**Activity:**
Check each line of the data below for the word "blind", then extract the ones that have it.

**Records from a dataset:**
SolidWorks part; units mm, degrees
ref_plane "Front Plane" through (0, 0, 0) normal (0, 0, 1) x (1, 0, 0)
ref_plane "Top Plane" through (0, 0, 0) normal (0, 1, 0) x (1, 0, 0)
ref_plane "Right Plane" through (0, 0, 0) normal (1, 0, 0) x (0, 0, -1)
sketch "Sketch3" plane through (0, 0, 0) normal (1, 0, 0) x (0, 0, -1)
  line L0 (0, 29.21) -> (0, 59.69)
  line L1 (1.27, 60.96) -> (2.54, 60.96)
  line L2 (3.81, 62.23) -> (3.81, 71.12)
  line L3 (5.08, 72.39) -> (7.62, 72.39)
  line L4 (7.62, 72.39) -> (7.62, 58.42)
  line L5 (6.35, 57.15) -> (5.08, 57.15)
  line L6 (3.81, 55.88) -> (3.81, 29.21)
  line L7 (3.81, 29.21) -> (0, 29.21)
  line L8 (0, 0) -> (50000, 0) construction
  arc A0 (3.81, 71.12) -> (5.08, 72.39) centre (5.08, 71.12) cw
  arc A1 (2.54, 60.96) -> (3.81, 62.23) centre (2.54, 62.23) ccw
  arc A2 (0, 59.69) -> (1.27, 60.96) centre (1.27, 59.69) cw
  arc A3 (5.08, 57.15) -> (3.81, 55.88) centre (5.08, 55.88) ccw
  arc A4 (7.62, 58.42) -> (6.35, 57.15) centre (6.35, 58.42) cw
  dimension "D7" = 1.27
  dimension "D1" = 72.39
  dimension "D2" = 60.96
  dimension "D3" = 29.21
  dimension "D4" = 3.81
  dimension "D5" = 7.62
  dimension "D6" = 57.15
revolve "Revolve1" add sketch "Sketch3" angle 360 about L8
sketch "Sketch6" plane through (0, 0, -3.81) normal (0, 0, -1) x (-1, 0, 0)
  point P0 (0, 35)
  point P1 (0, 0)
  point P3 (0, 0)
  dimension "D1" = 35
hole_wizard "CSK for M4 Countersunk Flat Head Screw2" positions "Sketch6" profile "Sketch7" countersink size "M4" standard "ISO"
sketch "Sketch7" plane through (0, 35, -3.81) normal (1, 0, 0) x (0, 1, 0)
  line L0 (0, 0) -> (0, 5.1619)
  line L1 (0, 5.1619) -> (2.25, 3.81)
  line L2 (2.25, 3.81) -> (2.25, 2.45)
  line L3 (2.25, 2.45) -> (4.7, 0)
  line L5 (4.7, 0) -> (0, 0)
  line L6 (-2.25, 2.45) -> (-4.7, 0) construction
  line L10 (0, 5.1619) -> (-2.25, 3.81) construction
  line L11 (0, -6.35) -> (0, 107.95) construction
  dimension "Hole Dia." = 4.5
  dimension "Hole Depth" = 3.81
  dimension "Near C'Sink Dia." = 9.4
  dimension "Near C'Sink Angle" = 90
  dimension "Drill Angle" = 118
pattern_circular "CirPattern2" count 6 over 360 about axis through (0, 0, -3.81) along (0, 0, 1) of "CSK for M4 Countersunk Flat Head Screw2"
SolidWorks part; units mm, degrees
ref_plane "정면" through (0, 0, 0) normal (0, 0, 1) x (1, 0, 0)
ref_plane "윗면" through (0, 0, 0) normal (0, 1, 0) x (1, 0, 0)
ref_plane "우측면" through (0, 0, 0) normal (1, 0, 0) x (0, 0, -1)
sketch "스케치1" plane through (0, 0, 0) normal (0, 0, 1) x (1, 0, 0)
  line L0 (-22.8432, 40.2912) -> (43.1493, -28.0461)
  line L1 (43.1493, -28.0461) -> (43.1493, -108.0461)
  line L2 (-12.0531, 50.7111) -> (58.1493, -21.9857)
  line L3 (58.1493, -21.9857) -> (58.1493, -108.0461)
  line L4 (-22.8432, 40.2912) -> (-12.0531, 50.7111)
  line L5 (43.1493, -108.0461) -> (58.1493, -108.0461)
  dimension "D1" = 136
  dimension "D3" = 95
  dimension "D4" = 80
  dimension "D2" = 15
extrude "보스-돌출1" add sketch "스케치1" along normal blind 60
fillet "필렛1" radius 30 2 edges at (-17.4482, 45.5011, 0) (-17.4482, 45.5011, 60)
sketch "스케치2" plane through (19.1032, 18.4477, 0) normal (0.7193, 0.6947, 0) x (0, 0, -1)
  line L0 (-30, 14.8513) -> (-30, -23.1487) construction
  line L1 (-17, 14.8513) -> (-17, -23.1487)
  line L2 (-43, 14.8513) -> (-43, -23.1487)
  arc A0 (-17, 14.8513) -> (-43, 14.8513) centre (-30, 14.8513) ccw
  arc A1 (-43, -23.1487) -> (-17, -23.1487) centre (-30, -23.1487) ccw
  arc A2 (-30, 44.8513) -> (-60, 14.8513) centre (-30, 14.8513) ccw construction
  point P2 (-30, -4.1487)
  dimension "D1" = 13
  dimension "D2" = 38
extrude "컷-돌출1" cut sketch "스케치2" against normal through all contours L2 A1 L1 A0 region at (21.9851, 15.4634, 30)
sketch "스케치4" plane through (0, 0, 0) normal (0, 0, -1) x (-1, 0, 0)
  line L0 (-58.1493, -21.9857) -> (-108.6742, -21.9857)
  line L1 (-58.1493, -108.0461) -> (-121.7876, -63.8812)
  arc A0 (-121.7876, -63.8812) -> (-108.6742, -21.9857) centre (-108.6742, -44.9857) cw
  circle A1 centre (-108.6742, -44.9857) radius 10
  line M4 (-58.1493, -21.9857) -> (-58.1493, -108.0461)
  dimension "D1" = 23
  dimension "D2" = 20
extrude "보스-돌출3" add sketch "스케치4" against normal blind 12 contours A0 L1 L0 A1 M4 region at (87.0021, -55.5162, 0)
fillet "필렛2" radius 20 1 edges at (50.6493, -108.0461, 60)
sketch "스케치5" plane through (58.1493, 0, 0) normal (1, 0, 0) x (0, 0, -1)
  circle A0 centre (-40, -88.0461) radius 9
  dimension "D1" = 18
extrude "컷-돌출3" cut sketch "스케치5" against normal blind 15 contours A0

**Written solution:**
extrude "보스-돌출1" add sketch "스케치1" along normal blind 60
extrude "보스-돌출3" add sketch "스케치4" against normal blind 12 contours A0 L1 L0 A1 M4 region at (87.0021, -55.5162, 0)
extrude "컷-돌출3" cut sketch "스케치5" against normal blind 15 contours A0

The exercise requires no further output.